# Lost Discharge Book



## Rob Pithers (Dec 1, 2012)

I'm sure this is a problem many members who've been away from the sea for a while will have. I can't find my Discharge Book anywhere, but would really like to find out when I was on which ships. I feel the records should be out there somewhere, but I'm struggling. Did my deck cadetship with P&O 1977 'till '81, but they apparently didn't pass any crew details to National Maritime Museum after 1977. I then went to Pelham Dale, Union Transport, Maple Marine and South Coast Aggregates. I've been in touch with Union Transport, they were excellent, and gave me all my details, including my DB number. None of the others still exist, except SCA (now Cemex) but they won't respond.
Any advice would be very gratefully received.
Thanks in advance,
Rob


----------



## oldman 80 (May 7, 2012)

Rob Pithers said:


> I'm sure this is a problem many members who've been away from the sea for a while will have.
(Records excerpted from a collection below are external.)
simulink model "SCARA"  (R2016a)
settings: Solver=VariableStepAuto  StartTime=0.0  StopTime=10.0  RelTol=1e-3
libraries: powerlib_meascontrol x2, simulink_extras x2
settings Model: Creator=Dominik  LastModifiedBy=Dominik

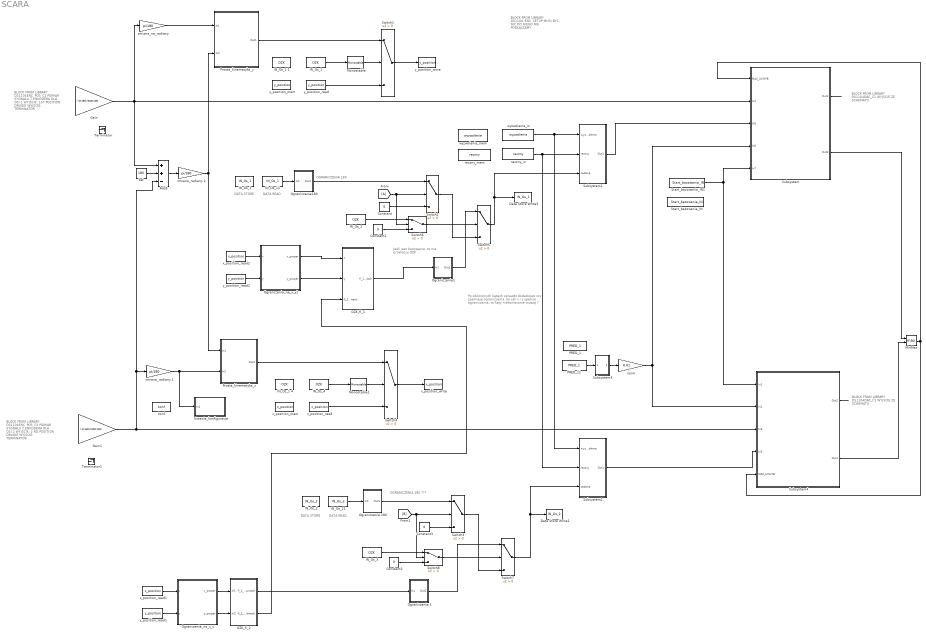
== system SCARA ==
  note: Po obliczonych kątach
      | sprawdź dodatkowo czy spełniają
      | ogranizcenia, bo jak x i y spełnia
      | ograniczenia, to kąty niekoniecznie muszą ?
  note: Jeśli jest bazowanie,
      | to nie przekazuj OZK
  note: DATA READ
  note: DATA STORE
  note: OGRANICZENIA 180
  note: BLOCK FROM LIBRARY
      | DS1104ENC_POS_C1
      | POMIAR SYGNAŁU Z ENKODERA
      | DLA OSI 1
      | WYJŚCIE: 1ST POSITION
      | DRUGIE WYJŚCIE: TERMINATOR
  note: BLOCK FROM LIBRARY
      | DS1104ENC_POS_C2
      | POMIAR SYGNAŁU Z ENKODERA
      | DLA OSI 2
      | WYJŚCIE: 2 ND POSITION
      | DRUGIE WYJŚCIE: TERMINATOR
  note: BLOCK FROM LIBRARY
      | DS1104_ENC_SETUP
      | MUSI BYĆ, NIC DO NIEGO
      | NIE PODŁĄCZAMY
  note: BLOCK FROM LIBRARY
      | DS1104DAC_C1
      | WYJŚCIE ZE SCHEMATU
  note: BLOCK FROM LIBRARY
      | DS1104DAC_C1
      | WYJŚCIE ZE SCHEMATU
  note: OGRANICZENIA 180 ???
  note: DATA STORE
  note: DATA READ
  Add5 : Sum  Inputs=++-
  Constant{,1..3} (4 alike) : Constant  Value=0
  Data Store Write1 : DataStoreWrite  DataStoreName=IN_Os_2
  Data Store Write3 : DataStoreWrite  DataStoreName=IN_Os_1
  Gain : Gain  Gain=(-2*180)/(500*128)
  Gain1 : Gain  Gain=(-2*180)/(500*128)
  IN_Os_{1..4} (4 alike) : DataStoreRead  DataStoreName=OZK
  "IN_Os_1 " : DataStoreMemory  DataStoreName=IN_Os_1  ReadBeforeWriteMsg=warning  WriteAfterWriteMsg=warning  WriteAfterReadMsg=warning  ShowAdditionalParam=off
  IN_Os_1 1 : DataStoreMemory  DataStoreName=OZK  ReadBeforeWriteMsg=warning  WriteAfterWriteMsg=warning  WriteAfterReadMsg=warning  ShowAdditionalParam=off
  IN_Os_1 4 : DataStoreMemory  DataStoreName=OZK  ReadBeforeWriteMsg=warning  WriteAfterWriteMsg=warning  WriteAfterReadMsg=warning  ShowAdditionalParam=off
  IN_Os_11 : DataStoreRead  DataStoreName=IN_Os_1
  "IN_Os_2 " : DataStoreMemory  DataStoreName=IN_Os_2  ReadBeforeWriteMsg=warning  WriteAfterWriteMsg=warning  WriteAfterReadMsg=warning  ShowAdditionalParam=off
  IN_Os_21 : DataStoreRead  DataStoreName=IN_Os_2
  MinMax : MinMax  Function=max  Inputs=2
  Monostable : powerlib_meascontrol/Logic/Monostable  EdgeDetect=Rising  PulseDuration=0.015  ic=0  Ts=0
  Monostable1 : powerlib_meascontrol/Logic/Monostable  EdgeDetect=Rising  PulseDuration=0.015  ic=0  Ts=0
  OZK_fi_1 : Subsystem
  OZK_fi_2 : Subsystem
  Ogranczenia_na_x_y : Subsystem
  Ogranczenia_na_x_y1 : Subsystem
  Ograniczenia 1 : Subsystem
  Ograniczenia 180 : Subsystem
  Ograniczenie1 : Subsystem
  Ograniczenie180 : Subsystem
  "PRED_1 " : DataStoreMemory  DataStoreName=PRED_1  ReadBeforeWriteMsg=warning  WriteAfterWriteMsg=warning  WriteAfterReadMsg=warning  InitialValue=50  ShowAdditionalParam=off
  "PRED_11 " : DataStoreRead  DataStoreName=PRED_1
  Prosta_kinematyka_x : Subsystem
  Prosta_kinematyka_y : Subsystem
  "Start_bazowania_IN " : DataStoreMemory  DataStoreName=Start_bazowania_IN  ReadBeforeWriteMsg=warning  WriteAfterWriteMsg=warning  WriteAfterReadMsg=warning  ShowAdditionalParam=off
  Start_bazowania_IN1 : DataStoreRead  DataStoreName=Start_bazowania_IN
  Subsystem : Subsystem
  Subsystem1 : Subsystem
  Subsystem2 : Subsystem
  Subsystem3 : Subsystem
  Subsystem4 : Subsystem
  Switch{1..8} (8 alike) : Switch  Criteria=u2 > Threshold
  Terminator : Terminator
  Terminator1 : Terminator
  Ustawia_konfiguracje : Subsystem
  "kat " : Constant  Value=180
  konf : DataStoreMemory  DataStoreName=konf  ReadBeforeWriteMsg=warning  WriteAfterWriteMsg=warning  WriteAfterReadMsg=warning  ShowAdditionalParam=off
  norm : Gain  Gain=0.01
  "reczny_in " : DataStoreRead  DataStoreName=reczny
  reczny_mem : DataStoreMemory  DataStoreName=reczny  ReadBeforeWriteMsg=warning  WriteAfterWriteMsg=warning  WriteAfterReadMsg=warning  ShowAdditionalParam=off
  "wyzwolenie_in " : DataStoreRead  DataStoreName=wyzwolenie
  wyzwolenie_mem : DataStoreMemory  DataStoreName=wyzwolenie  ReadBeforeWriteMsg=warning  WriteAfterWriteMsg=warning  WriteAfterReadMsg=warning  ShowAdditionalParam=off
  x_position_mem : DataStoreMemory  DataStoreName=x_position  ReadBeforeWriteMsg=warning  WriteAfterWriteMsg=warning  WriteAfterReadMsg=warning  ShowAdditionalParam=off
  x_position_read : DataStoreRead  DataStoreName=x_position
  x_position_read1 : DataStoreRead  DataStoreName=x_position
  x_position_read2 : DataStoreRead  DataStoreName=x_position
  x_position_write : DataStoreWrite  DataStoreName=x_position
  "y_position_mem " : DataStoreMemory  DataStoreName=y_position  ReadBeforeWriteMsg=warning  WriteAfterWriteMsg=warning  WriteAfterReadMsg=warning  ShowAdditionalParam=off
  y_position_read : DataStoreRead  DataStoreName=y_position
  y_position_read1 : DataStoreRead  DataStoreName=y_position
  y_position_read2 : DataStoreRead  DataStoreName=y_position
  y_position_write : DataStoreWrite  DataStoreName=y_position
  "zmiana_na_radiany " : Gain  Gain=pi/180
  zmiana_radiany 1 : Gain  Gain=pi/180
  zmiana_radiany 2 : Gain  Gain=pi/180
  wires:
  ? -> Gain/1
  ? -> Gain1/1
  ? -> Terminator/1
  ? -> Terminator1/1
  IN_Os_11/1 -> Ograniczenie180/1(In1)
  IN_Os_21/1 -> Ograniczenia 180/1(In1)
  Start_bazowania_IN1/1 -> Subsystem/5(In7), Subsystem4/1(In1)
  Constant/1 -> Switch2/3
  Ograniczenie180/1(Out1) -> Switch2/1
  [A] -> Switch6/2, Switch2/2
  Ograniczenia 180/1(Out1) -> Switch3/1
  Constant3/1 -> Switch3/3
  "wyzwolenie_in "/1 -> Subsystem1/1(wyzwolenie), Subsystem2/1(wyzwolenie)
  "reczny_in "/1 -> Subsystem1/2("reczny "), Subsystem2/2("reczny ")
  "PRED_11 "/1 -> Subsystem3/1(In2)
  norm/1 -> Subsystem4/2(In2), Subsystem/4(In6)
  Subsystem3/1(Out1) -> norm/1
  Subsystem1/1(Out1) -> Subsystem/3(In5)
  Subsystem/1(Out1) -> ?
  Gain1/1 -> Add5/3, zmiana_radiany 1/1, Subsystem4/3(In3)
  Subsystem2/1(Out1) -> Subsystem4/4(In5)
  Subsystem4/1(Out2) -> ?
  Subsystem/2(Out2) -> MinMax/1
  Subsystem4/2(Out1) -> MinMax/2
  MinMax/1 -> Subsystem4/5("MAX_UCHYB "), Subsystem/1("MAX_UCHYB ")
  IN_Os_1/1 -> Monostable/1
  y_position_read/1 -> Switch1/3
  Monostable/1 -> Switch1/2
  Switch1/1 -> y_position_write/1
  IN_Os_4/1 -> Monostable1/1
  x_position_read/1 -> Switch4/3
  Monostable1/1 -> Switch4/2
  Switch4/1 -> x_position_write/1
  "kat "/1 -> Add5/2
  Gain/1 -> "zmiana_na_radiany "/1, Add5/1, Subsystem/2(In2)
  Add5/1 -> zmiana_radiany 2/1
  zmiana_radiany 2/1 -> Prosta_kinematyka_y/2(In2), Prosta_kinematyka_x/1(In1)
  zmiana_radiany 1/1 -> Ustawia_konfiguracje/1(In1), Prosta_kinematyka_x/2(In2)
  Prosta_kinematyka_x/1(Out1) -> Switch4/1
  "zmiana_na_radiany "/1 -> Prosta_kinematyka_y/1(In1)
  Prosta_kinematyka_y/1(Out1) -> Switch1/1
  x_position_read1/1 -> Ogranczenia_na_x_y/1(x)
  y_position_read1/1 -> Ogranczenia_na_x_y/2(y)
  Switch5/1 -> Data Store Write3/1, Subsystem1/3("zadana ")
  Switch2/1 -> Switch5/3
  Ograniczenie1/1(Out1) -> Switch5/1
  IN_Os_2/1 -> Switch6/1
  Constant1/1 -> Switch6/3
  Switch6/1 -> Switch5/2
  x_position_read2/1 -> Ogranczenia_na_x_y1/1(x)
  y_position_read2/1 -> Ogranczenia_na_x_y1/2(y)
  Ogranczenia_na_x_y/1(x_proper) -> OZK_fi_2/1(In1)
  Ogranczenia_na_x_y/2(y_proper) -> OZK_fi_2/2(In2)
  OZK_fi_2/1(fi_2_w_stopniach) -> Ograniczenia 1/1(In1)
  [B] -> Switch8/2, Switch3/2
  IN_Os_3/1 -> Switch8/1
  Constant2/1 -> Switch8/3
  Switch3/1 -> Switch7/3
  Switch8/1 -> Switch7/2
  Ograniczenia 1/1(Out1) -> Switch7/1
  Switch7/1 -> Subsystem2/3("zadana "), Data Store Write1/1
  OZK_fi_2/2(fi_2_w_radianach) -> OZK_fi_1/3(fi_2_w_radianach)
  Ogranczenia_na_x_y1/1(x_proper) -> OZK_fi_1/1(x)
  Ogranczenia_na_x_y1/2(y_proper) -> OZK_fi_1/2(y)
  OZK_fi_1/1(fi_1_w_stopniach) -> Ograniczenie1/1(In1)

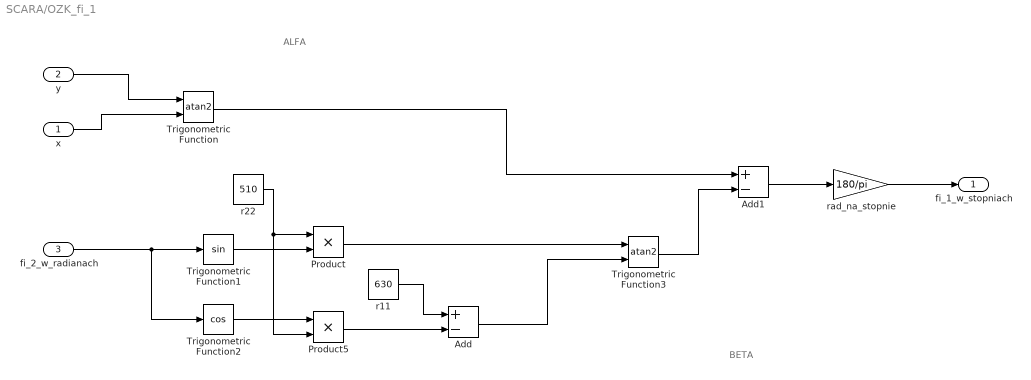
== system SCARA/OZK_fi_1 ==
  note: BETA
  note: ALFA
  x : Inport
  y : Inport  Port=2
  fi_2_w_radianach : Inport  Port=3
  Add : Sum  Inputs=+-
  Add1 : Sum  Inputs=+-
  Product : Product
  Product5 : Product
  Trigonometric Function : Trigonometry  Operator=atan2
  Trigonometric Function1 : Trigonometry
  Trigonometric Function2 : Trigonometry  Operator=cos
  Trigonometric Function3 : Trigonometry  Operator=atan2
  r11 : Constant  Value=630
  r22 : Constant  Value=510
  rad_na_stopnie : Gain  Gain=180/pi
  fi_1_w_stopniach : Outport
  wires:
  fi_2_w_radianach/1 -> Trigonometric Function2/1, Trigonometric Function1/1
  Trigonometric Function1/1 -> Product/2
  r22/1 -> Product5/2, Product/1
  Product/1 -> Trigonometric Function3/1
  Trigonometric Function2/1 -> Product5/1
  r11/1 -> Add/1
  Product5/1 -> Add/2
  Add/1 -> Trigonometric Function3/2
  y/1 -> Trigonometric Function/1
  x/1 -> Trigonometric Function/2
  Trigonometric Function/1 -> Add1/1
  Trigonometric Function3/1 -> Add1/2
  Add1/1 -> rad_na_stopnie/1
  rad_na_stopnie/1 -> fi_1_w_stopniach/1

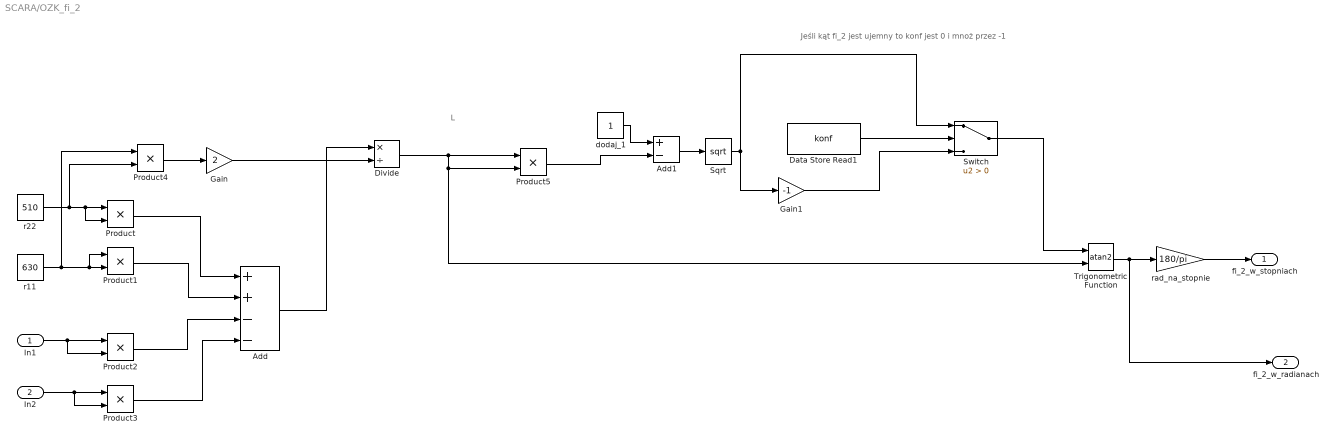
== system SCARA/OZK_fi_2 ==
  note: L
  note: Jeśli kąt fi_2 jest ujemny to konf jest 0
      | i mnoż przez -1
  In1 : Inport
  In2 : Inport  Port=2
  Add : Sum  Inputs=++--
  Add1 : Sum  Inputs=+-
  Data Store Read1 : DataStoreRead  DataStoreName=konf
  Divide : Product  Inputs=*/
  Gain : Gain  Gain=2
  Gain1 : Gain  Gain=-1
  Product{,1..5} (6 alike) : Product
  Sqrt : Sqrt  SaturateOnIntegerOverflow=on
  Switch : Switch  Criteria=u2 > Threshold
  Trigonometric Function : Trigonometry  Operator=atan2
  dodaj_1 : Constant
  r11 : Constant  Value=630
  r22 : Constant  Value=510
  rad_na_stopnie : Gain  Gain=180/pi
  fi_2_w_stopniach : Outport
  fi_2_w_radianach : Outport  Port=2
  wires:
  r22/1 -> Product/2, Product/1, Product4/2
  In1/1 -> Product2/2, Product2/1
  Product1/1 -> Add/2
  Product3/1 -> Add/4
  In2/1 -> Product3/2, Product3/1
  Product/1 -> Add/1
  Product2/1 -> Add/3
  r11/1 -> Product1/1, Product1/2, Product4/1
  Add/1 -> Divide/1
  Product4/1 -> Gain/1
  Gain/1 -> Divide/2
  dodaj_1/1 -> Add1/1
  Add1/1 -> Sqrt/1
  Sqrt/1 -> Gain1/1, Switch/1
  Gain1/1 -> Switch/3
  Switch/1 -> Trigonometric Function/1
  Trigonometric Function/1 -> fi_2_w_radianach/1, rad_na_stopnie/1
  Product5/1 -> Add1/2
  Divide/1 -> Trigonometric Function/2, Product5/2, Product5/1
  Data Store Read1/1 -> Switch/2
  rad_na_stopnie/1 -> fi_2_w_stopniach/1

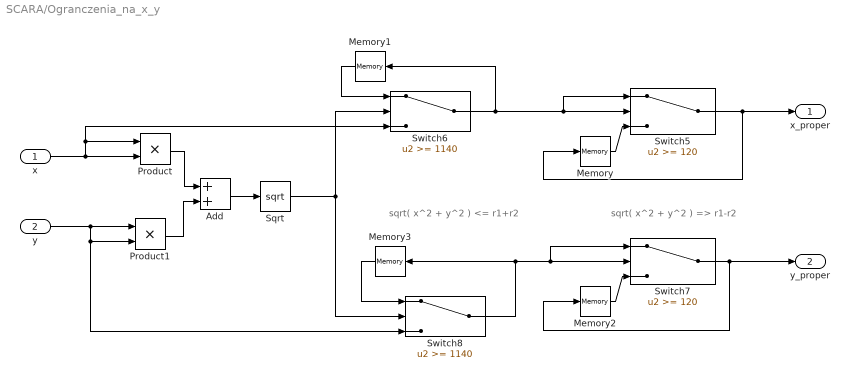
== system SCARA/Ogranczenia_na_x_y ==
  note: sqrt( x^2 + y^2 ) <= r1+r2
  note: sqrt( x^2 + y^2 ) => r1-r2
  x : Inport
  y : Inport  Port=2
  Add : Sum
  Memory{,1..3} (4 alike) : Memory
  Product : Product
  Product1 : Product
  Sqrt : Sqrt  SaturateOnIntegerOverflow=on
  Switch5 : Switch  Threshold=120
  Switch6 : Switch  Threshold=1140
  Switch7 : Switch  Threshold=120
  Switch8 : Switch  Threshold=1140
  x_proper : Outport
  y_proper : Outport  Port=2
  wires:
  Switch5/1 -> x_proper/1, Memory/1
  Switch6/1 -> Switch5/1, Switch5/2, Memory1/1
  Product1/1 -> Add/2
  Memory1/1 -> Switch6/1
  Memory/1 -> Switch5/3
  Switch7/1 -> y_proper/1, Memory2/1
  Memory2/1 -> Switch7/3
  Memory3/1 -> Switch8/1
  Sqrt/1 -> Switch8/2, Switch6/2
  Switch8/1 -> Switch7/1, Switch7/2, Memory3/1
  Add/1 -> Sqrt/1
  y/1 -> Switch8/3, Product1/2, Product1/1
  x/1 -> Product/2, Switch6/3, Product/1
  Product/1 -> Add/1

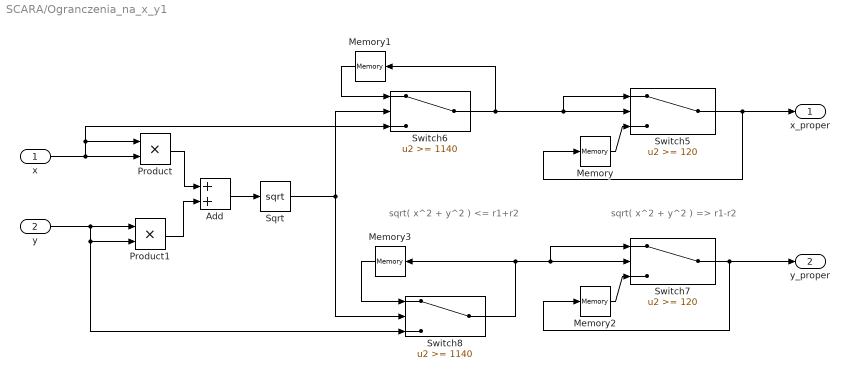
== system SCARA/Ogranczenia_na_x_y1 ==
  note: sqrt( x^2 + y^2 ) <= r1+r2
  note: sqrt( x^2 + y^2 ) => r1-r2
  x : Inport
  y : Inport  Port=2
  Add : Sum
  Memory{,1..3} (4 alike) : Memory
  Product : Product
  Product1 : Product
  Sqrt : Sqrt  SaturateOnIntegerOverflow=on
  Switch5 : Switch  Threshold=120
  Switch6 : Switch  Threshold=1140
  Switch7 : Switch  Threshold=120
  Switch8 : Switch  Threshold=1140
  x_proper : Outport
  y_proper : Outport  Port=2
  wires:
  Switch5/1 -> x_proper/1, Memory/1
  Switch6/1 -> Switch5/1, Switch5/2, Memory1/1
  Product1/1 -> Add/2
  Memory1/1 -> Switch6/1
  Memory/1 -> Switch5/3
  Switch7/1 -> y_proper/1, Memory2/1
  Memory2/1 -> Switch7/3
  Memory3/1 -> Switch8/1
  Sqrt/1 -> Switch8/2, Switch6/2
  Switch8/1 -> Switch7/1, Switch7/2, Memory3/1
  Add/1 -> Sqrt/1
  y/1 -> Switch8/3, Product1/2, Product1/1
  x/1 -> Product/2, Switch6/3, Product/1
  Product/1 -> Add/1

== system SCARA/Ograniczenia 1 ==
  In1 : Inport
  Abs : Abs
  Memory : Memory
  Switch : Switch  Criteria=u2 > Threshold  Threshold=40
  Out1 : Outport
  wires:
  In1/1 -> Switch/3, Abs/1
  Abs/1 -> Switch/2
  Switch/1 -> Memory/1, Out1/1
  Memory/1 -> Switch/1

== system SCARA/Ograniczenia 180 ==
  In1 : Inport
  Abs : Abs
  Memory : Memory
  Switch : Switch  Criteria=u2 > Threshold  Threshold=40
  Out1 : Outport
  wires:
  In1/1 -> Switch/3, Abs/1
  Abs/1 -> Switch/2
  Switch/1 -> Memory/1, Out1/1
  Memory/1 -> Switch/1

== system SCARA/Ograniczenie1 ==
  In1 : Inport
  Abs : Abs
  Memory : Memory
  Switch : Switch  Criteria=u2 > Threshold  Threshold=180
  Out1 : Outport
  wires:
  In1/1 -> Switch/3, Abs/1
  Abs/1 -> Switch/2
  Switch/1 -> Memory/1, Out1/1
  Memory/1 -> Switch/1

== system SCARA/Ograniczenie180 ==
  In1 : Inport
  Abs : Abs
  Memory : Memory
  Switch : Switch  Criteria=u2 > Threshold  Threshold=180
  Out1 : Outport
  wires:
  In1/1 -> Switch/3, Abs/1
  Abs/1 -> Switch/2
  Switch/1 -> Memory/1, Out1/1
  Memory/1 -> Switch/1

I can't find my Discharge Book anywhere, but would really like to find out when I was on which ships. I feel the records should be out there somewhere, but I'm struggling. Did my deck cadetship with P&O 1977 'till '81, but they apparently didn't pass any crew details to National Maritime Museum after 1977. I then went to Pelham Dale, Union Transport, Maple Marine and South Coast Aggregates. I've been in touch with Union Transport, they were excellent, and gave me all my details, including my DB number. None of the others still exist, except SCA (now Cemex) but they won't respond.
> Any advice would be very gratefully received.
> Thanks in advance,
> Rob


Don't take this as gospel, but I have a feeling that you are up against a brick wall, so to speak, if you cannot locate your discharge book/books.
About 10 or 11 years ago when I first bought a computer I visited a merchant navy website based in the UK. I cannot remember the address nor the name but the words Merchant Navy were a part of the address.
The message boards associated with that site were adorned with postings from people, like yourself, who were frantically trying to obtain lost records.
Many years ago it should have been possible to obtain that sort of information directly from the Registrar of Shipping and Seamen, Llandaff Rd., Cardiff. (I think that is the correct address - but it is from memory only - a 25 year vintage memory )
According to some of the responses to those queries, it was alledged that Thatchers Government had sold the whole lot of those records to Canadian Interests. (A bit of a shocker - I agree, and maybe not even true, but it came from several apparently different sources)
Whether it also meant that no copies of those records had been retained in the U.K. - I have no idea, but the wording of the various postings clearly implied that copies had not been kept.
That's what I recall from those days - it may reflect the true story - it may not. Not all message board postings contain the truth, but when the same thing, or nearly the same thing, comes from a variety of differing sources - then the chances are that there is some element of truth about it.
I wish you luck in your efforts.


----------



## ninabaker (May 4, 2012)

Not what you are asking of course, but some of my hand luggage was lost in transit when I was flying home from a ship and didnt reappear for several months. I lost my discharge book and cadets record book amongst other stuff and had to be reissued with new ones of both, so I have two discharge books and two record books, as the lost stuff eventually did show up.


----------



## Hugh MacLean (Nov 18, 2005)

I am afraid there were no seamen's records kept by the Registry of Shipping and Seamen between the years 1973 to 1999.

Regards
Hugh


----------



## donald h (Aug 24, 2005)

Does that mean that there WERE records at the time, Hugh,..but that they weren`t kept, (ie, disposed of)..or just that there were no records whatsoever?


----------



## Hugh MacLean (Nov 18, 2005)

Hello Donald,

After 1973 the Registrar General was not required by legislation to keep these records so they didn't. They were kept again after 1999 at least up until 2002.

Regards
Hugh


----------



## donald h (Aug 24, 2005)

Thanks for clarifying that, Hugh.

regards, Donald


----------



## andysk (Jun 16, 2005)

oldman 80 said:


> ....... According to some of the responses to those queries, it was alledged that Thatchers Government had sold the whole lot of those records to Canadian Interests. (A bit of a shocker - I agree, and maybe not even true, but it came from several apparently different sources) .......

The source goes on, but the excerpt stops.